[Opening Data section]

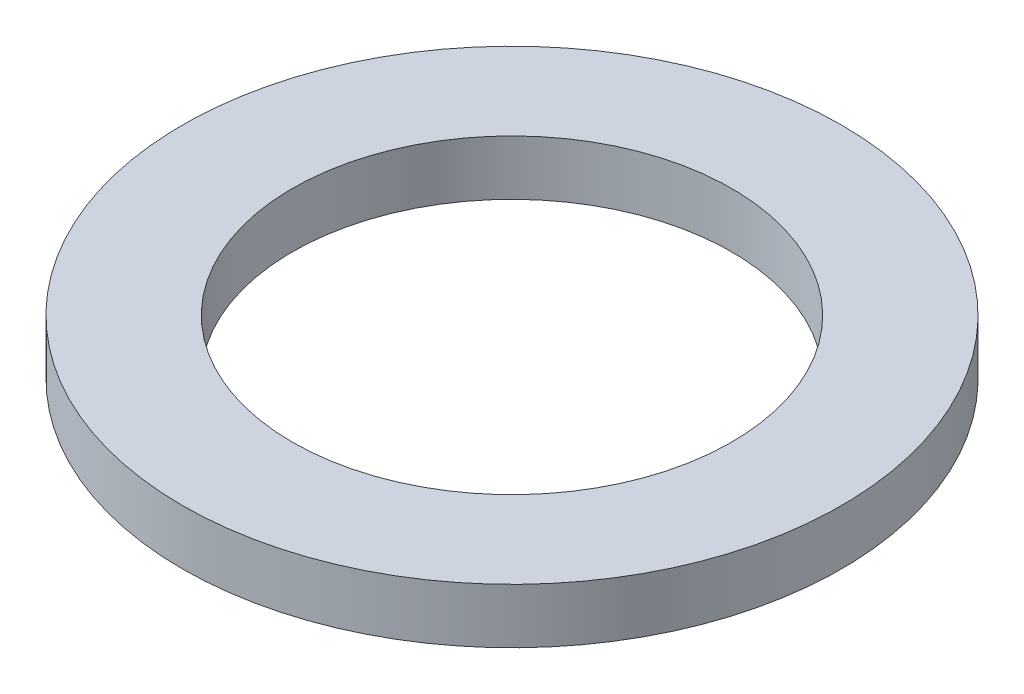
from build123d import *

# Parameters (mm, degrees)
SKETCH_1_R      = 30
SKETCH_1_R_2    = 20
EXTRUDE_1_DEPTH = 5


with BuildPart() as part:
    # 草图1 → 凸台-拉伸1 (new body)
    with BuildSketch(Plane(origin=(0, 0, 0), x_dir=(1, 0, 0), z_dir=(0, 1, 0))):
        with Locations(Location((0, 0, 0), (0, 0, 270))):
            Circle(SKETCH_1_R)
        with Locations(Location((0, 0, 0), (0, 0, 270))):
            Circle(SKETCH_1_R_2, mode=Mode.SUBTRACT)
    extrude(amount=EXTRUDE_1_DEPTH)


solid = part.part
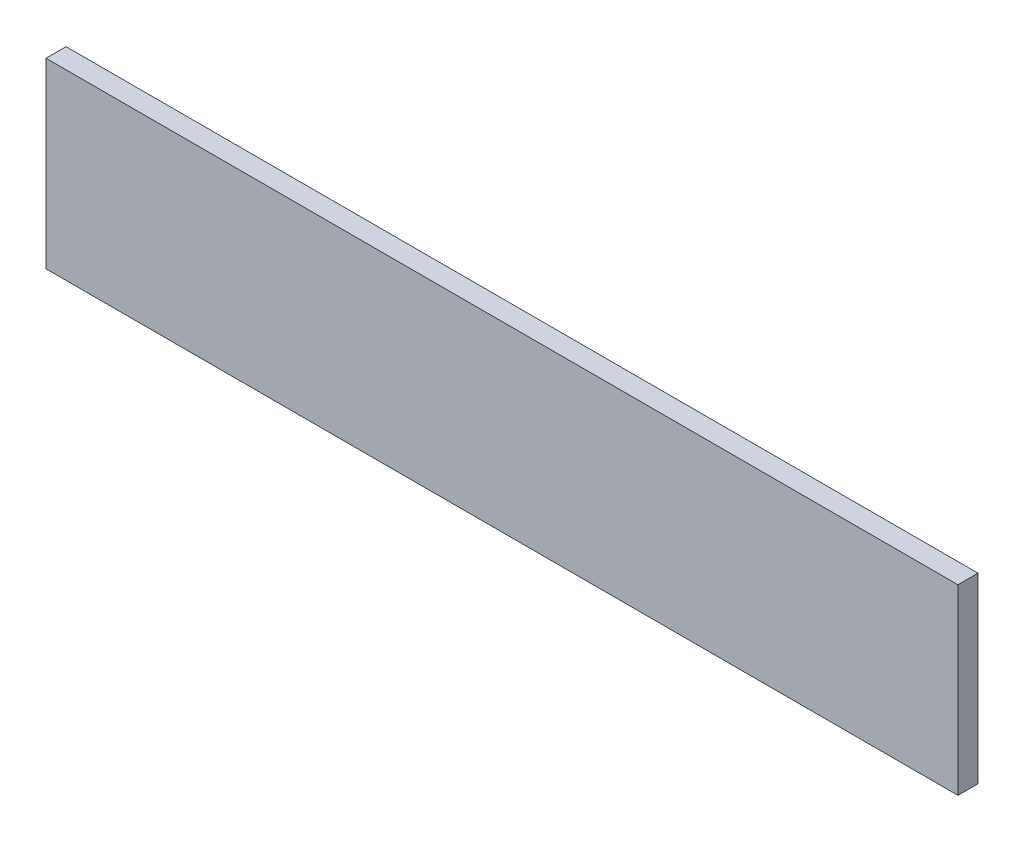
from build123d import *

# Parameters (mm, degrees)
SKETCH1_W        = 1000
SKETCH1_H        = 200
EXTRUSION1_DEPTH = 22


with BuildPart() as part:
    # Sketch1 → Extrusion1 (new body)
    with BuildSketch(Plane.XY):
        Rectangle(SKETCH1_W, SKETCH1_H)
    extrude(amount=EXTRUSION1_DEPTH)


solid = part.part
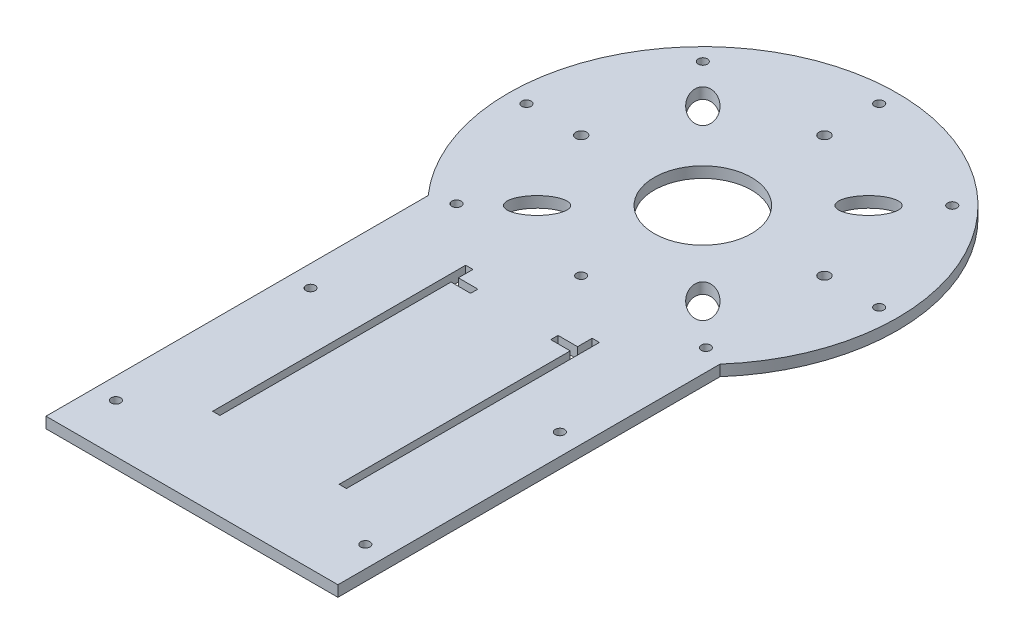
from build123d import *

# Parameters (mm, degrees)
SKETCH1_R           = 1.905
SKETCH1_R_2         = 2.25
SKETCH1_R_3         = 20
BOSS_EXTRUDE1_DEPTH = 4.5


with BuildPart() as part:
    # Sketch1 → Boss-Extrude1 (new body)
    with BuildSketch(Plane(origin=(0, 0, 0), x_dir=(1, 0, 0), z_dir=(0, 1, 0))):
        with BuildLine():
            ThreePointArc((8.75, 137.084973779), (-51.25, 270), (-111.25, 137.084973779))
            Line((-111.25, 137.084973779), (-111.25, -20))
            Line((-111.25, -20), (8.75, -20))
            Line((8.75, -20), (8.75, 137.084973779))
        make_face()
        Polygon((-23.75, 120), (-23.75, 16), (-26.75, 16), (-26.75, 111), (-34.779961709, 111), (-34.779961709, 114), (-26.75, 114), (-26.75, 120), align=None, mode=Mode.SUBTRACT)
        Polygon((-67.720038291, 114), (-67.720038291, 111), (-75.75, 111), (-75.75, 16), (-78.75, 16), (-78.75, 120), (-75.75, 120), (-75.75, 114), align=None, mode=Mode.SUBTRACT)
        with BuildLine():
            ThreePointArc((-104.405, 140), (-102.5, 141.905), (-100.595, 140))
            ThreePointArc((-100.595, 140), (-102.5, 138.095), (-104.405, 140))
        make_face(mode=Mode.SUBTRACT)
        with Locations(Location((-51.25, 140, 0), (0, 0, 270))):
            Circle(SKETCH1_R, mode=Mode.SUBTRACT)
        with BuildLine():
            add(Edge.make_bspline(
                [(-92.232996185, 149.017003815), (-86.109271828, 142.893279458), (-78.798938187, 156.327337456), (-71.488604545, 169.761395455), (-84.922662544, 162.451061813), (-98.356720542, 155.140728172), (-92.232996185, 149.017003815)],
                knots=[0, 0, 0, 2.094395102, 2.094395102, 4.188790205, 4.188790205, 6.283185307, 6.283185307, 6.283185307], degree=2, weights=[1, 0.5, 1, 0.5, 1, 0.5, 1]))
        make_face(mode=Mode.SUBTRACT)
        with Locations(Location((-123.75, 190, 0), (0, 0, 270))):
            Circle(SKETCH1_R, mode=Mode.SUBTRACT)
        with Locations(Location((-101.25, 190, 0), (0, 0, 270))):
            Circle(SKETCH1_R_2, mode=Mode.SUBTRACT)
        with Locations(Location((-51.25, 190, 0), (0, 0, 270))):
            Circle(SKETCH1_R_3, mode=Mode.SUBTRACT)
        with BuildLine():
            add(Edge.make_bspline(
                [(-10.267003815, 149.017003815), (-4.143279458, 155.140728172), (-17.577337456, 162.451061813), (-31.011395455, 169.761395455), (-23.701061813, 156.327337456), (-16.390728172, 142.893279458), (-10.267003815, 149.017003815)],
                knots=[0, 0, 0, 2.094395102, 2.094395102, 4.188790205, 4.188790205, 6.283185307, 6.283185307, 6.283185307], degree=2, weights=[1, 0.5, 1, 0.5, 1, 0.5, 1]))
        make_face(mode=Mode.SUBTRACT)
        with Locations(Location((0, 140, 0), (0, 0, 270))):
            Circle(SKETCH1_R, mode=Mode.SUBTRACT)
        with Locations(Location((-1.25, 190, 0), (0, 0, 270))):
            Circle(SKETCH1_R_2, mode=Mode.SUBTRACT)
        with Locations(Location((21.25, 190, 0), (0, 0, 270))):
            Circle(SKETCH1_R, mode=Mode.SUBTRACT)
        with BuildLine():
            add(Edge.make_bspline(
                [(-93.520136273, 232.270136273), (-99.64386063, 226.146411916), (-86.209802631, 218.836078274), (-72.775744633, 211.525744633), (-80.086078274, 224.959802631), (-87.396411916, 238.39386063), (-93.520136273, 232.270136273)],
                knots=[0, 0, 0, 2.094395102, 2.094395102, 4.188790205, 4.188790205, 6.283185307, 6.283185307, 6.283185307], degree=2, weights=[1, 0.5, 1, 0.5, 1, 0.5, 1]))
        make_face(mode=Mode.SUBTRACT)
        with Locations(Location((-102.515241636, 241.265241636, 0), (0, 0, 270))):
            Circle(SKETCH1_R, mode=Mode.SUBTRACT)
        with Locations(Location((-51.25, 240, 0), (0, 0, 270))):
            Circle(SKETCH1_R_2, mode=Mode.SUBTRACT)
        with BuildLine():
            add(Edge.make_bspline(
                [(-10.267003815, 230.982996185), (-16.390728172, 237.106720542), (-23.701061813, 223.672662544), (-31.011395455, 210.238604545), (-17.577337456, 217.548938187), (-4.143279458, 224.859271828), (-10.267003815, 230.982996185)],
                knots=[0, 0, 0, 2.094395102, 2.094395102, 4.188790205, 4.188790205, 6.283185307, 6.283185307, 6.283185307], degree=2, weights=[1, 0.5, 1, 0.5, 1, 0.5, 1]))
        make_face(mode=Mode.SUBTRACT)
        with Locations(Location((-51.25, 262.5, 0), (0, 0, 270))):
            Circle(SKETCH1_R, mode=Mode.SUBTRACT)
        with Locations(Location((0.015241636, 241.265241636, 0), (0, 0, 270))):
            Circle(SKETCH1_R, mode=Mode.SUBTRACT)
        with Locations(Location((0, 80, 0), (0, 0, 270))):
            Circle(SKETCH1_R, mode=Mode.SUBTRACT)
        with Locations(Location((-102.5, 80, 0), (0, 0, 270))):
            Circle(SKETCH1_R, mode=Mode.SUBTRACT)
        with Locations(Location((0, 0, 0), (0, 0, 270))):
            Circle(SKETCH1_R, mode=Mode.SUBTRACT)
        with Locations(Location((-102.5, 0, 0), (0, 0, 270))):
            Circle(SKETCH1_R, mode=Mode.SUBTRACT)
    extrude(amount=BOSS_EXTRUDE1_DEPTH)


solid = part.part

[Closing Data section]

- Problem statement
If a line in the data above holds the word "body", count it; give only the total.

- Answer box
3